# [Problem to solve]
Below are lines of data, and only some are wanted. Please repeat exactly those from the line that has "unnamed: D7.2 (A), R22.2" through the line that has "B340LA-13-F".

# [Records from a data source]
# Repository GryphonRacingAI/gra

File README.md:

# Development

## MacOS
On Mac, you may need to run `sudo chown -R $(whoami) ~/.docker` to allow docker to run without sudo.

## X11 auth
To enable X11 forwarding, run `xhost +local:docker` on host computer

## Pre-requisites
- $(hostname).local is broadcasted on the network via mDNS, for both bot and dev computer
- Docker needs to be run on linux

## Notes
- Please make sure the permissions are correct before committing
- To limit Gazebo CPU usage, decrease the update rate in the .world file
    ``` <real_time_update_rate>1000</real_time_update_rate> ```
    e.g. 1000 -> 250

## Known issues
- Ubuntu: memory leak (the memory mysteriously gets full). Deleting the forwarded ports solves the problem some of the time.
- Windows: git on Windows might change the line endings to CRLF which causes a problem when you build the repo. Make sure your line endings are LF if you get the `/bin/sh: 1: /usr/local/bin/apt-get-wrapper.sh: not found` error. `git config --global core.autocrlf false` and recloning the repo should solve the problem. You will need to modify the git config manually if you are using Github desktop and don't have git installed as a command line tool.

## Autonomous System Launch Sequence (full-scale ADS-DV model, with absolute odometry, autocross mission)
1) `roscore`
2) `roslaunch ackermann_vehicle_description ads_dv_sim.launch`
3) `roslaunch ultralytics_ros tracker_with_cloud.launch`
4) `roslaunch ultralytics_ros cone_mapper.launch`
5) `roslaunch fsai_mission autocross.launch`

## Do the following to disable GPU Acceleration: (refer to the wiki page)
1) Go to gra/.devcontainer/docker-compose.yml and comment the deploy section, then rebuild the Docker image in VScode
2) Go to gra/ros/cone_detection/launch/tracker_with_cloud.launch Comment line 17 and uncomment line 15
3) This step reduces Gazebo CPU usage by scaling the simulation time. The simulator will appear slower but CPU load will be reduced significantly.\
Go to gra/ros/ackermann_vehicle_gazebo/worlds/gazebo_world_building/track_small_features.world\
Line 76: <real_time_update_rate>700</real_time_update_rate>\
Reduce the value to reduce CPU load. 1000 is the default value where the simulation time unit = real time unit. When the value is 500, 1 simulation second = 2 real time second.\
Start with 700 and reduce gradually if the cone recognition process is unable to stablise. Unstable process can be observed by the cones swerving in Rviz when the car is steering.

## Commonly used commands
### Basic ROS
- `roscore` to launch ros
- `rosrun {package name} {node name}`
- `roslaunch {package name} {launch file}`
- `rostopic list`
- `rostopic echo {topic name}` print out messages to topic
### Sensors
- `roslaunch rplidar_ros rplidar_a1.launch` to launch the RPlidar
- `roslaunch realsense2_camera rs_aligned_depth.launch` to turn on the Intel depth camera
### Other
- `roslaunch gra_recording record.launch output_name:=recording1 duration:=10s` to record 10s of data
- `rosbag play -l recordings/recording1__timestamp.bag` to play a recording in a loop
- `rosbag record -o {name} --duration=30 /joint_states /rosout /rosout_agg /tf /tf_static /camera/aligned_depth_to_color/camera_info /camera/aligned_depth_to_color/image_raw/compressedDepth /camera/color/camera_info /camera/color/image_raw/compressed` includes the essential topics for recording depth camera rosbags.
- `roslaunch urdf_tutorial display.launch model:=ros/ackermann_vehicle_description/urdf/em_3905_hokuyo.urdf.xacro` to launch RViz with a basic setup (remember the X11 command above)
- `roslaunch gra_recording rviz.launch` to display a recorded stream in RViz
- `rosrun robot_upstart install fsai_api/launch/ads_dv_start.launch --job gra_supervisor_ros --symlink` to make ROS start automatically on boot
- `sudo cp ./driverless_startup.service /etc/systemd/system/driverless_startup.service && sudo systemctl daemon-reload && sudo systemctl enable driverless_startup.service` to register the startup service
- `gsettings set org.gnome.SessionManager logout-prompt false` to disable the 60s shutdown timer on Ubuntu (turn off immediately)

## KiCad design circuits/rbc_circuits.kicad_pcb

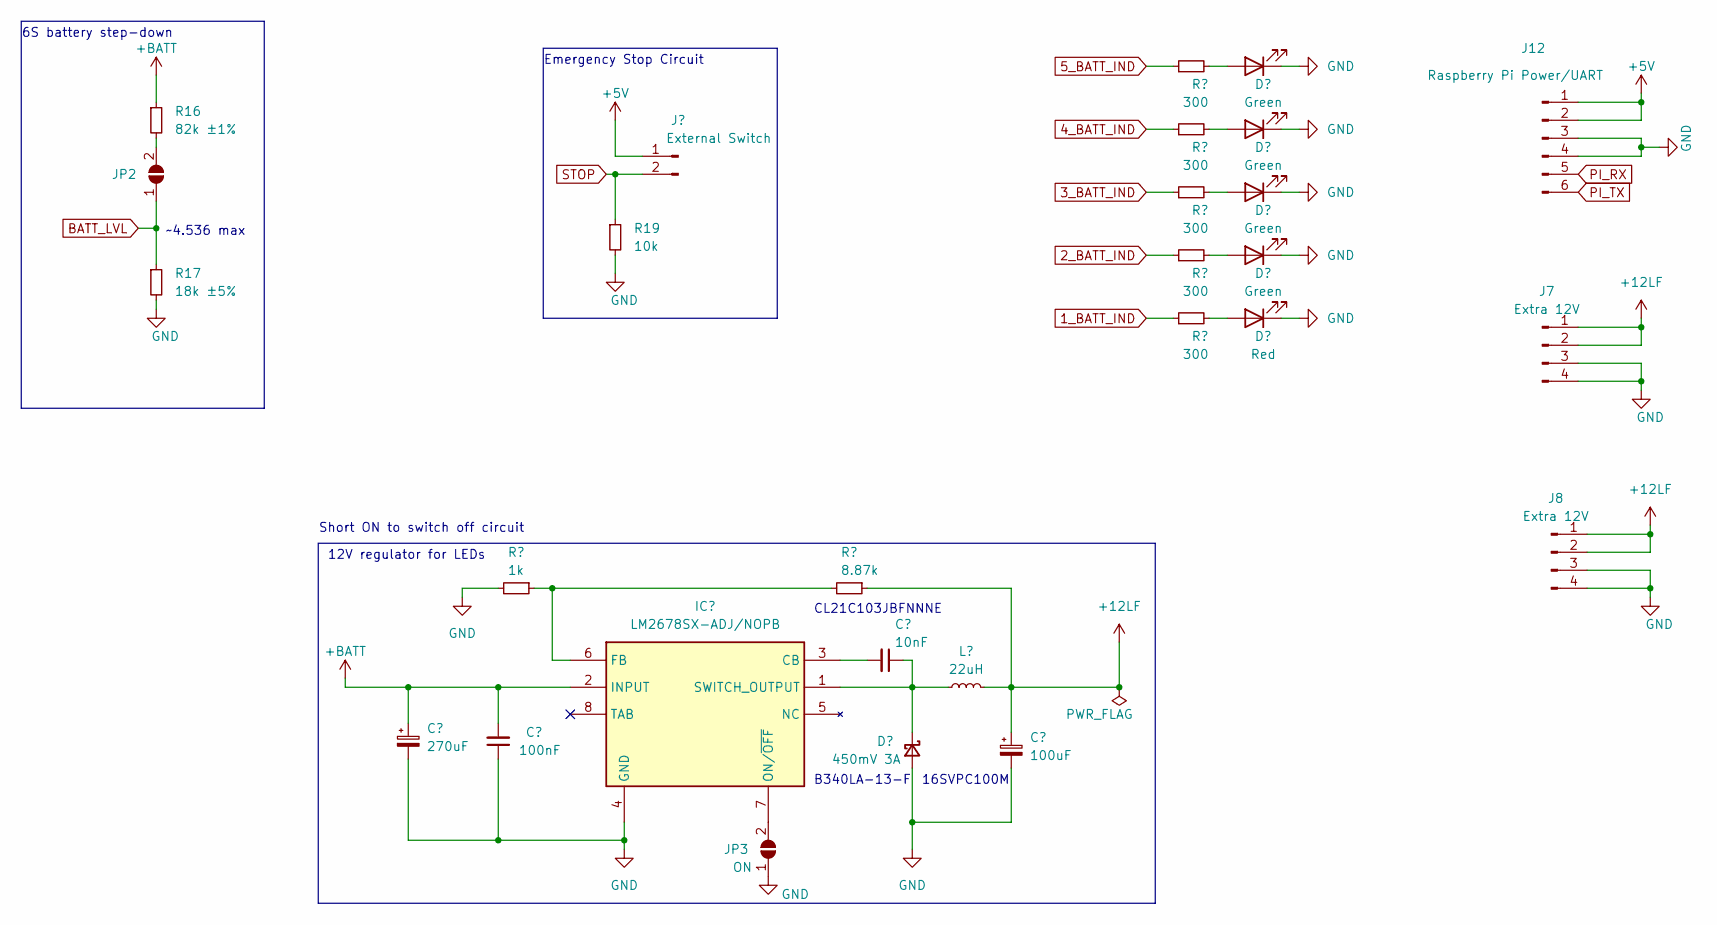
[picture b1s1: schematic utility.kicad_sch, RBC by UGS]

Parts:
C24: 270uF; EEHZS1H221P
C25: 100nF; C_0402_1005Metric
C26: 10nF; C_0805_2012Metric
C27: 100uF; 16SVF180M
D5: 450mV 3A; D_SMA
D6: Green; D_0805_2012Metric; Part No. 17-21/GHC-XS1T2M/3T
D7, D8, D9: Green; D_0805_2012Metric
D10: Red; D_0805_2012Metric; Part No. 17-215/R6C-AQ1R2B/3T
IC5: LM2678SX-ADJ/NOPB; KTW0007B_custom; Mouser Part Number 926-LM2678SX50NOPB
J5: External Switch; TerminalBlock_Phoenix_MKDS-3-2-5.08_1x02_P5.08mm_Horizontal
J7, J8: Extra 12V; Molex_Micro-Fit_3.0_43045-0412_2x02_P3.00mm_Vertical
J12: Raspberry Pi Power/UART; Molex_Micro-Fit_3.0_43045-0612_2x03_P3.00mm_Vertical
JP2: SolderJumper_2_Open; SolderJumper-2_P1.3mm_Open_RoundedPad1.0x1.5mm
JP3: ON; SolderJumper-2_P1.3mm_Open_RoundedPad1.0x1.5mm
L6: 22uH; INDPM110100X400N
R16: 82k ±1%; R_0603_1608Metric_Pad0.98x0.95mm_HandSolder; Part No. RTT038202FTP
R17: 18k ±5%; R_0603_1608Metric_Pad0.98x0.95mm_HandSolder
R18: 1k; R_0201_0603Metric
R19: 10k; R_0402_1005Metric
R20: 8.87k; R_0603_1608Metric
R21, R22, R23, R24, R25: 300; R_0603_1608Metric_Pad0.98x0.95mm_HandSolder

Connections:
1_BATT_IND: R25.1; also elsewhere on the board
2_BATT_IND: R24.1; also elsewhere on the board
3_BATT_IND: R23.1; also elsewhere on the board
4_BATT_IND: R22.1; also elsewhere on the board
5_BATT_IND: R21.1; also elsewhere on the board
+5V: J5.1; also elsewhere on the board
+12LF: C27.1, J7.1, J7.2, J8.1, J8.2, L6.2, R20.1
+BATT: C24.1, C25.2, IC5.2 (INPUT), R16.1; also elsewhere on the board
BATT_LVL: JP2.1 (A), R17.1; also elsewhere on the board
GND: C24.2, C25.1, C27.2, D5.2 (A), D6.1 (K), D7.1 (K), D8.1 (K), D9.1 (K), D10.1 (K), IC5.4 (GND), J7.3, J7.4, J8.3, J8.4, JP3.1 (A), R17.2, R18.2, R19.2; also elsewhere on the board
unnamed: C26.1, D5.1 (K), IC5.1 (SWITCH_OUTPUT), L6.1
unnamed: D6.2 (A), R21.2
unnamed: D7.2 (A), R22.2
unnamed: D8.2 (A), R23.2
unnamed: D9.2 (A), R24.2
unnamed: D10.2 (A), R25.2
unnamed: C26.2, IC5.3 (CB)
unnamed: IC5.6 (FB), R18.1, R20.2
unnamed: IC5.7 (ON/~OFF), JP3.2 (B)
unnamed: JP2.2 (B), R16.2
STOP: J5.2, R19.1; also elsewhere on the board

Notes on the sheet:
~4.536 max
6S battery step-down
16SVPC100M
12V regulator for LEDs
Short ON to switch off circuit
Emergency Stop Circuit
CL21C103JBFNNNE
B340LA-13-F

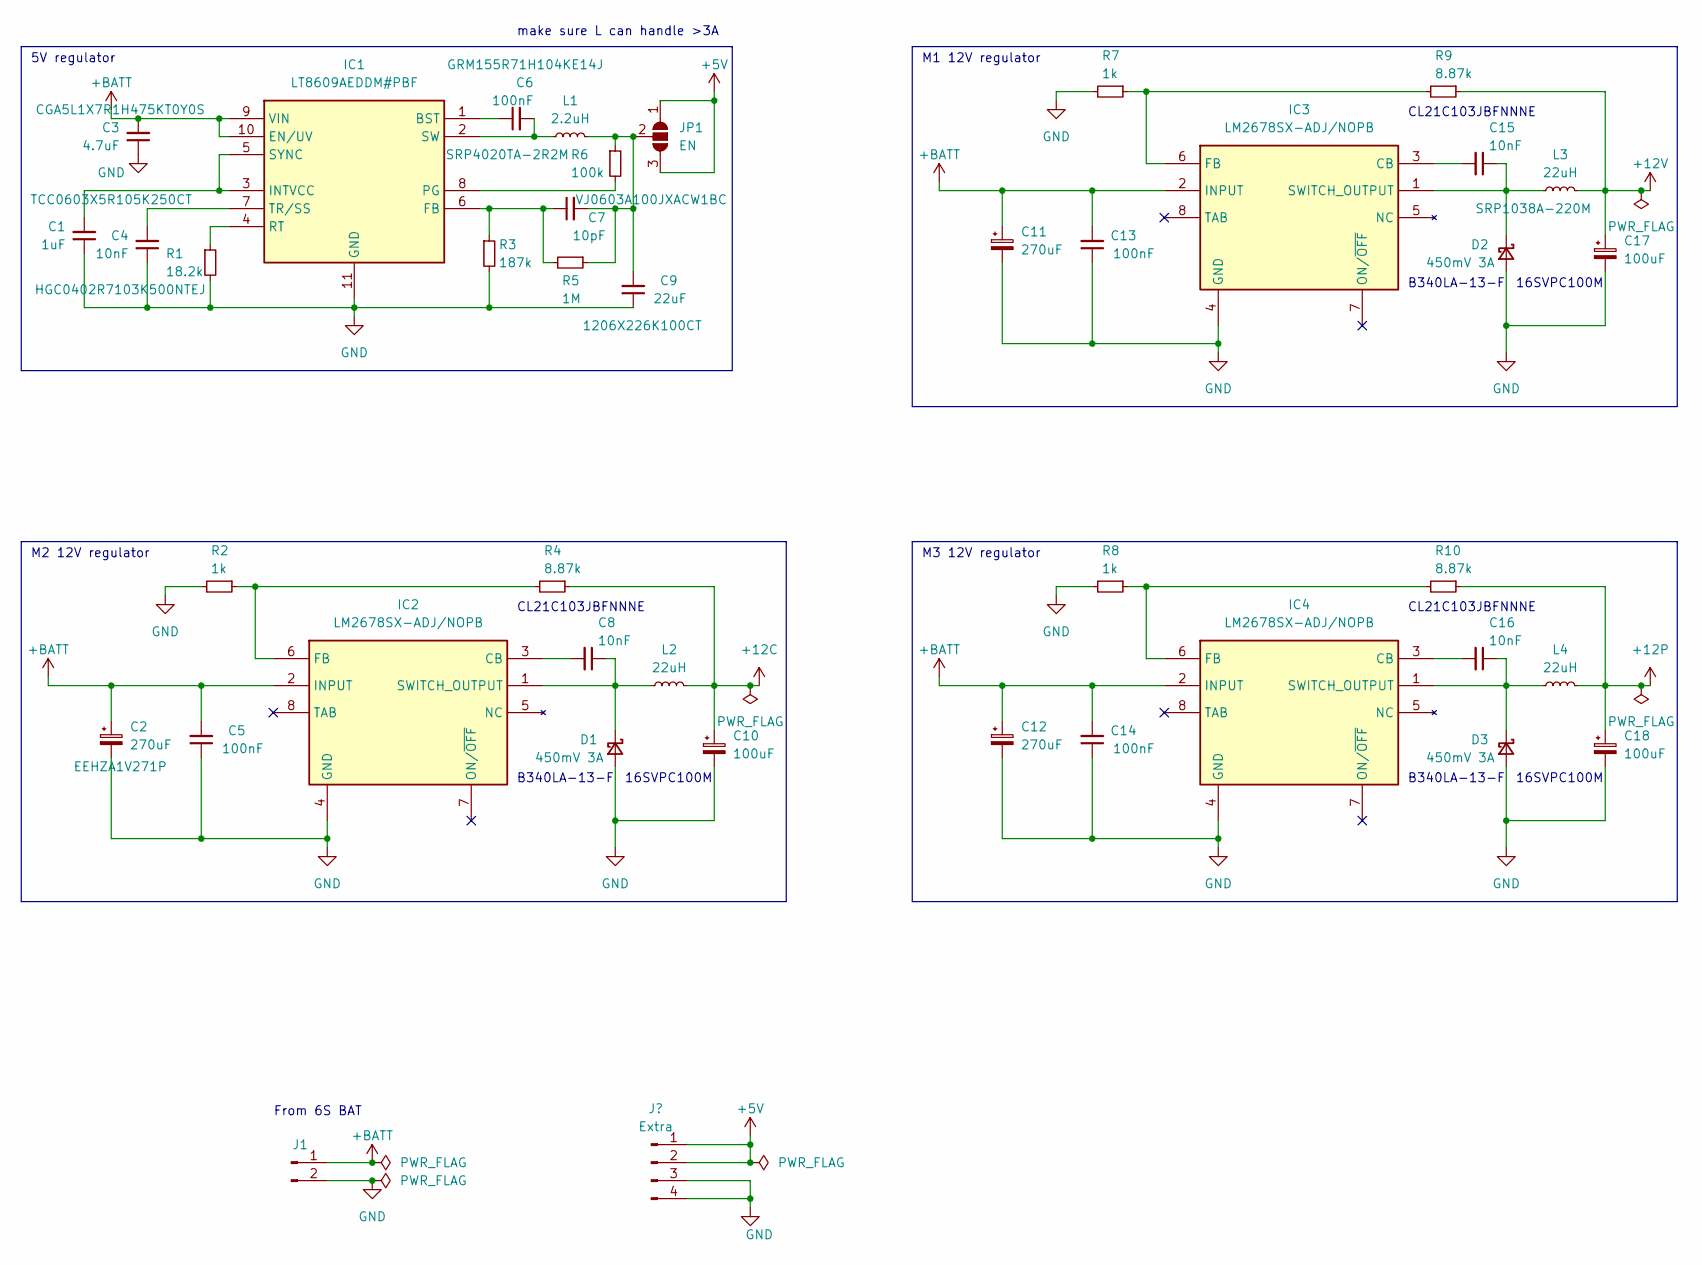
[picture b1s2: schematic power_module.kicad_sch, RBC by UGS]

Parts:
C1: 1uF; C_0603_1608Metric; Part No. TCC0603X5R105K250CT
C2: 270uF; EEHZS1H221P; Part No. EEHZA1V271P
C3: 4.7uF; C_1206_3216Metric; Part No. CGA5L1X7R1H475KT0Y0S
C4: 10nF; C_0402_1005Metric; Part No. HGC0402R7103K500NTEJ
C5, C13, C14: 100nF; C_0402_1005Metric
C6: 100nF; C_0402_1005Metric; Part No. GRM155R71H104KE14J
C7: 10pF; C_0603_1608Metric; Part No. VJ0603A100JXACW1BC
C8, C15, C16: 10nF; C_0805_2012Metric
C9: 22uF; C_1206_3216Metric; Part No. 1206X226K100CT
C10, C17, C18: 100uF; 16SVF180M
C11, C12: 270uF; EEHZS1H221P
D1, D2, D3: 450mV 3A; D_SMA
IC1: LT8609AEDDM#PBF; SON50P300X300X80-11N-D; Mouser Part Number 584-LT8609AEDDM#PBF
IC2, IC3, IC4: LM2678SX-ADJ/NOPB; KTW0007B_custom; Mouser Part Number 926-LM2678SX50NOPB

# [Completed task]
unnamed: D7.2 (A), R22.2
unnamed: D8.2 (A), R23.2
unnamed: D9.2 (A), R24.2
unnamed: D10.2 (A), R25.2
unnamed: C26.2, IC5.3 (CB)
unnamed: IC5.6 (FB), R18.1, R20.2
unnamed: IC5.7 (ON/~OFF), JP3.2 (B)
unnamed: JP2.2 (B), R16.2
STOP: J5.2, R19.1; also elsewhere on the board

Notes on the sheet:
~4.536 max
6S battery step-down
16SVPC100M
12V regulator for LEDs
Short ON to switch off circuit
Emergency Stop Circuit
CL21C103JBFNNNE
B340LA-13-F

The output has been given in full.